Kırmızı pancar bir, iki veya çok yıllık bir sebzedir. Eski
dönemlerden beri yabani pancar yemeklerde kullanılmıştır. M.Ö. 2-1 bin
yıllarında yaprak pancar (pazı) kültüre girmiş ve tıbbi bitki ve sebze olarak
yetiştirilmeye başlamıştır. M.Ö. IV
yıllarında ilk kök pancar çeşitleri ortaya çıkmaya başlamıştır. Batı
Avrupa'da XIII-XIV yüzyıllarda yayılmaya başlamıştır. Daha sonra pancar tüm
kıtalara yayılmıştır. özellikle Balkanlar ve Doğu Avrupa halkları tarafından
yaygın olarak kullanılmıştır.
Pancar günümüzde tüm dünya mutfaklarında kullanılmaktadır.
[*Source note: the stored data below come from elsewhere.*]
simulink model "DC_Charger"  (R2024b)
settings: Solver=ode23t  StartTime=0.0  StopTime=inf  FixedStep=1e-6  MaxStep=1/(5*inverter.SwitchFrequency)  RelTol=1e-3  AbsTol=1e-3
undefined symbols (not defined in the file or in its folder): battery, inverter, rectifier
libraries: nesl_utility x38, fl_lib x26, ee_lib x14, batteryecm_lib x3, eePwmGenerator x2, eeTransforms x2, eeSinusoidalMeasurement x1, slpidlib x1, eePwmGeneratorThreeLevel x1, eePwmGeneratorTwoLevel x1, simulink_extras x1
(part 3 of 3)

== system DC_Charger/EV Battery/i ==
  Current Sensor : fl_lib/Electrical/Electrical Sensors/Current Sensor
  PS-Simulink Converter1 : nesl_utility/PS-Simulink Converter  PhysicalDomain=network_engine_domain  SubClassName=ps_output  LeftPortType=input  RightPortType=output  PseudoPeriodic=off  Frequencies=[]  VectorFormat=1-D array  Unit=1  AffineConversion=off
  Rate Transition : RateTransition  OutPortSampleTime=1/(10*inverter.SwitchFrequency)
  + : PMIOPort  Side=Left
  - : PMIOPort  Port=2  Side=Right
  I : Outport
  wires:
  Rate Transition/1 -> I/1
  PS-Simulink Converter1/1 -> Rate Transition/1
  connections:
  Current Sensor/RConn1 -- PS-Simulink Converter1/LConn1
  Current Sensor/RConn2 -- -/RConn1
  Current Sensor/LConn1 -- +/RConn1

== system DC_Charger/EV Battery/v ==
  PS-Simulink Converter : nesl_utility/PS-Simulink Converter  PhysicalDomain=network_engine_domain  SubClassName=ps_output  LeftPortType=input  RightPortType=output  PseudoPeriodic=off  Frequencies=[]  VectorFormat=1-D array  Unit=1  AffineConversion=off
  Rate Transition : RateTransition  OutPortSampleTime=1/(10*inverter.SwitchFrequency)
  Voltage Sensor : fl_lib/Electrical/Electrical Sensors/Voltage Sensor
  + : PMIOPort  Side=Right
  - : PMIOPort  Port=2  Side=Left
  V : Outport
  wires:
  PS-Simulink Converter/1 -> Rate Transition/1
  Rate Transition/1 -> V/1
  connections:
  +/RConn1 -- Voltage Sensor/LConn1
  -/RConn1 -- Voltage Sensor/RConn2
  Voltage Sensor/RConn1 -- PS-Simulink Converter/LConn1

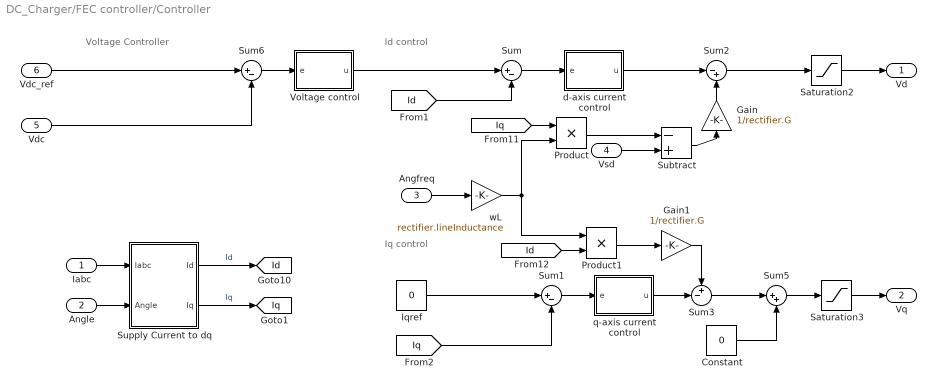
== system DC_Charger/FEC controller/Controller ==
  note: Id control
  note: Voltage Controller
  note: Iq control
  Iabc : Inport
  Angle : Inport  Port=2
  Angfreq : Inport  Port=3
  Vsd : Inport  Port=4
  Vdc : Inport  Port=5
  Vdc_ref : Inport  Port=6
  Constant : Constant  Value=0
  Gain : Gain  Gain=1/rectifier.G
  Gain1 : Gain  Gain=1/rectifier.G
  Iqref : Constant  Value=0
  Product : Product
  Product1 : Product
  Saturation2 : Saturate  UpperLimit=4  LowerLimit=-3
  Saturation3 : Saturate  UpperLimit=1  LowerLimit=-1
  Subtract : Sum  Inputs=-+
  Sum : Sum  Inputs=|+-
  Sum1 : Sum  Inputs=|+-
  Sum2 : Sum  Inputs=|-+
  Sum3 : Sum  Inputs=+-|
  Sum5 : Sum  Inputs=|++
  Sum6 : Sum  Inputs=|+-
  Supply Current to dq : Subsystem
  Voltage control : Subsystem
  d-axis current control : Subsystem
  q-axis current control : Subsystem
  wL : Gain  Gain=rectifier.lineInductance
  Vd : Outport  VectorParamsAs1DForOutWhenUnconnected=off
  Vq : Outport  Port=2  VectorParamsAs1DForOutWhenUnconnected=off
  tag scope: Id=global, Iq=global
  wires:
  Sum1/1 -> q-axis current control/1(e)
  wL/1 -> Product/2, Product1/1
  [Id] -> Product1/2
  [Iq] -> Product/1
  Sum3/1 -> Sum5/1
  Sum2/1 -> Saturation2/1
  Sum5/1 -> Saturation3/1
  Angfreq/1 -> wL/1
  Constant/1 -> Sum5/2
  Vdc/1 -> Sum6/2
  Sum/1 -> d-axis current control/1(e)
  [Id] -> Sum/2
  d-axis current control/1(u) -> Sum2/1
  q-axis current control/1(u) -> Sum3/2
  Supply Current to dq/1(Id) -> [Id]  "Id"
  Supply Current to dq/2(Iq) -> [Iq]  "Iq"
  Sum6/1 -> Voltage control/1(e)
  Saturation3/1 -> Vq/1
  Saturation2/1 -> Vd/1
  Iqref/1 -> Sum1/1
  [Iq] -> Sum1/2
  Voltage control/1(u) -> Sum/1
  Vdc_ref/1 -> Sum6/1
  Product1/1 -> Gain1/1
  Product/1 -> Subtract/1
  Vsd/1 -> Subtract/2
  Subtract/1 -> Gain/1
  Gain/1 -> Sum2/2
  Gain1/1 -> Sum3/1
  Iabc/1 -> Supply Current to dq/1(Iabc)
  Angle/1 -> Supply Current to dq/2(Angle)

== system DC_Charger/FEC controller/Modulation Signal ==
  Vd : Inport
  Vq : Inport  Port=2
  Angle : Inport  Port=3
  Constant : Constant  Value=0
  Gain : Gain  Gain=2/3
  Inverse Park Transform : eeTransforms/Inverse Park Transform  AxisAlignment=D-axis  PowerInvariant=off
  Mux1 : Mux  Inputs=3
  Saturation2 : Saturate  UpperLimit=1  LowerLimit=-1
  mabc : Outport  VectorParamsAs1DForOutWhenUnconnected=off
  wires:
  Gain/1 -> Saturation2/1
  Mux1/1 -> Inverse Park Transform/1
  Inverse Park Transform/1 -> Gain/1
  Constant/1 -> Mux1/3
  Vd/1 -> Mux1/1
  Vq/1 -> Mux1/2
  Angle/1 -> Inverse Park Transform/2
  Saturation2/1 -> mabc/1

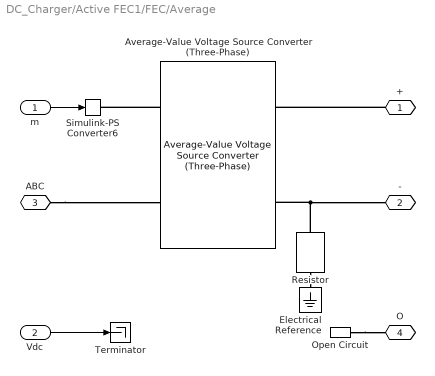
== system DC_Charger/Active FEC1/FEC/Average ==
  m : Inport
  Vdc : Inport  Port=2
  Average-Value Voltage Source Converter (Three-Phase) : ee_lib/Semiconductors & Converters/Converters/Average-Value Voltage Source Converter (Three-Phase)  port_option=ee.enum.threePhasePort.composite  frequency_option=ee.enum.converters.frequency.variable  input_option=ee.enum.converters.inputOption.ModWave  FRated=60 Hz  losses_parameterization=ee.enum.converters.losses.fixed  Pfixed=1 W  ks=0.01  kc1=1.7 V  kc2=0.01 Ohm  Ploss_vect=[100, 800, 1870, 3250, 4900] W  Irms_vect=[10, 100, 200, 300, 400] A  Vdc_nom=300 V  thermal_mass=30000 J/K  temperature_specify=off  temperature_priority=High  temperature=298.15 K  temperature_nominal_specify=off  temperature_nominal_value=1  temperature_nominal_unit=K
      settings: InternalSimscapePortConfiguration="{\"Bottom\":[],\"Left\":[{\"id\":\"ModWave\",\"label\":\"ModWave\",\"type\":\"input\"},{\"id\":\"N\",\"label\":\"~\",\"type\":\"foundation.electrical.three_phase\"}],\"Right\":[{\"id\":\"p\",\"label\":\"+\",\"type\":\"foundation.electrical.electrical\"},{\"id\":\"n\",\"label\":\"-\",\"type\":\"foundation.electrical.electrical\"}],\"Top\":[]}"
  Electrical Reference : fl_lib/Electrical/Electrical Elements/Electrical Reference
  Open Circuit : fl_lib/Electrical/Electrical Elements/Open Circuit  v_specify=off  v_priority=None  v=0 V  v_nominal_specify=off  v_nominal_value=1  v_nominal_unit=V
  Resistor : fl_lib/Electrical/Electrical Elements/Resistor  R=1e6 Ohm  i_specify=off  i_priority=None  i=0 A  i_nominal_specify=off  i_nominal_value=1  i_nominal_unit=A  v_specify=off  v_priority=None  v=0 V  v_nominal_specify=off  v_nominal_value=1  v_nominal_unit=V
  Simulink-PS Converter6 : nesl_utility/Simulink-PS Converter  PhysicalDomain=network_engine_domain  SubClassName=ps_input  LeftPortType=input  RightPortType=output  PseudoPeriodic=off  Frequencies=[]  NoiseDistribution=none  NoiseParameters=[]  Unit=1  AffineConversion=off  FilteringAndDerivatives=provide  SimscapeFilterOrder=1  InputFilterTimeConstant=0.001  UdotUserProvided=0
  Terminator : Terminator
  + : PMIOPort  Side=Right
  - : PMIOPort  Port=2  Side=Right
  ABC : PMIOPort  Port=3  Side=Left
  O : PMIOPort  Port=4  Side=Right
  wires:
  m/1 -> Simulink-PS Converter6/1
  Vdc/1 -> Terminator/1
  connections:
  Open Circuit/LConn1 -- O/RConn1
  Average-Value Voltage Source Converter (Three-Phase)/LConn1 -- Simulink-PS Converter6/RConn1
  ABC/RConn1 -- Average-Value Voltage Source Converter (Three-Phase)/LConn2
  +/RConn1 -- Average-Value Voltage Source Converter (Three-Phase)/RConn1
  Resistor/LConn1 -- Average-Value Voltage Source Converter (Three-Phase)/RConn2 -- -/RConn1
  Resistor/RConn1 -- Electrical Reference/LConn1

Kırmızı pancar salata, çorba, meze, içecek ve hatta tatlı yapımında kullanılır.
Doğu Avrupa'da ünlü borç çorbasının vazgeçilmez sebzesi olarak bilinir.
Pancarın şifalı özellikleri eski çağlardan beri
bilinmektedir. İlk başlarda kökler sadece tıbbi amaçlarla kullanılırdı.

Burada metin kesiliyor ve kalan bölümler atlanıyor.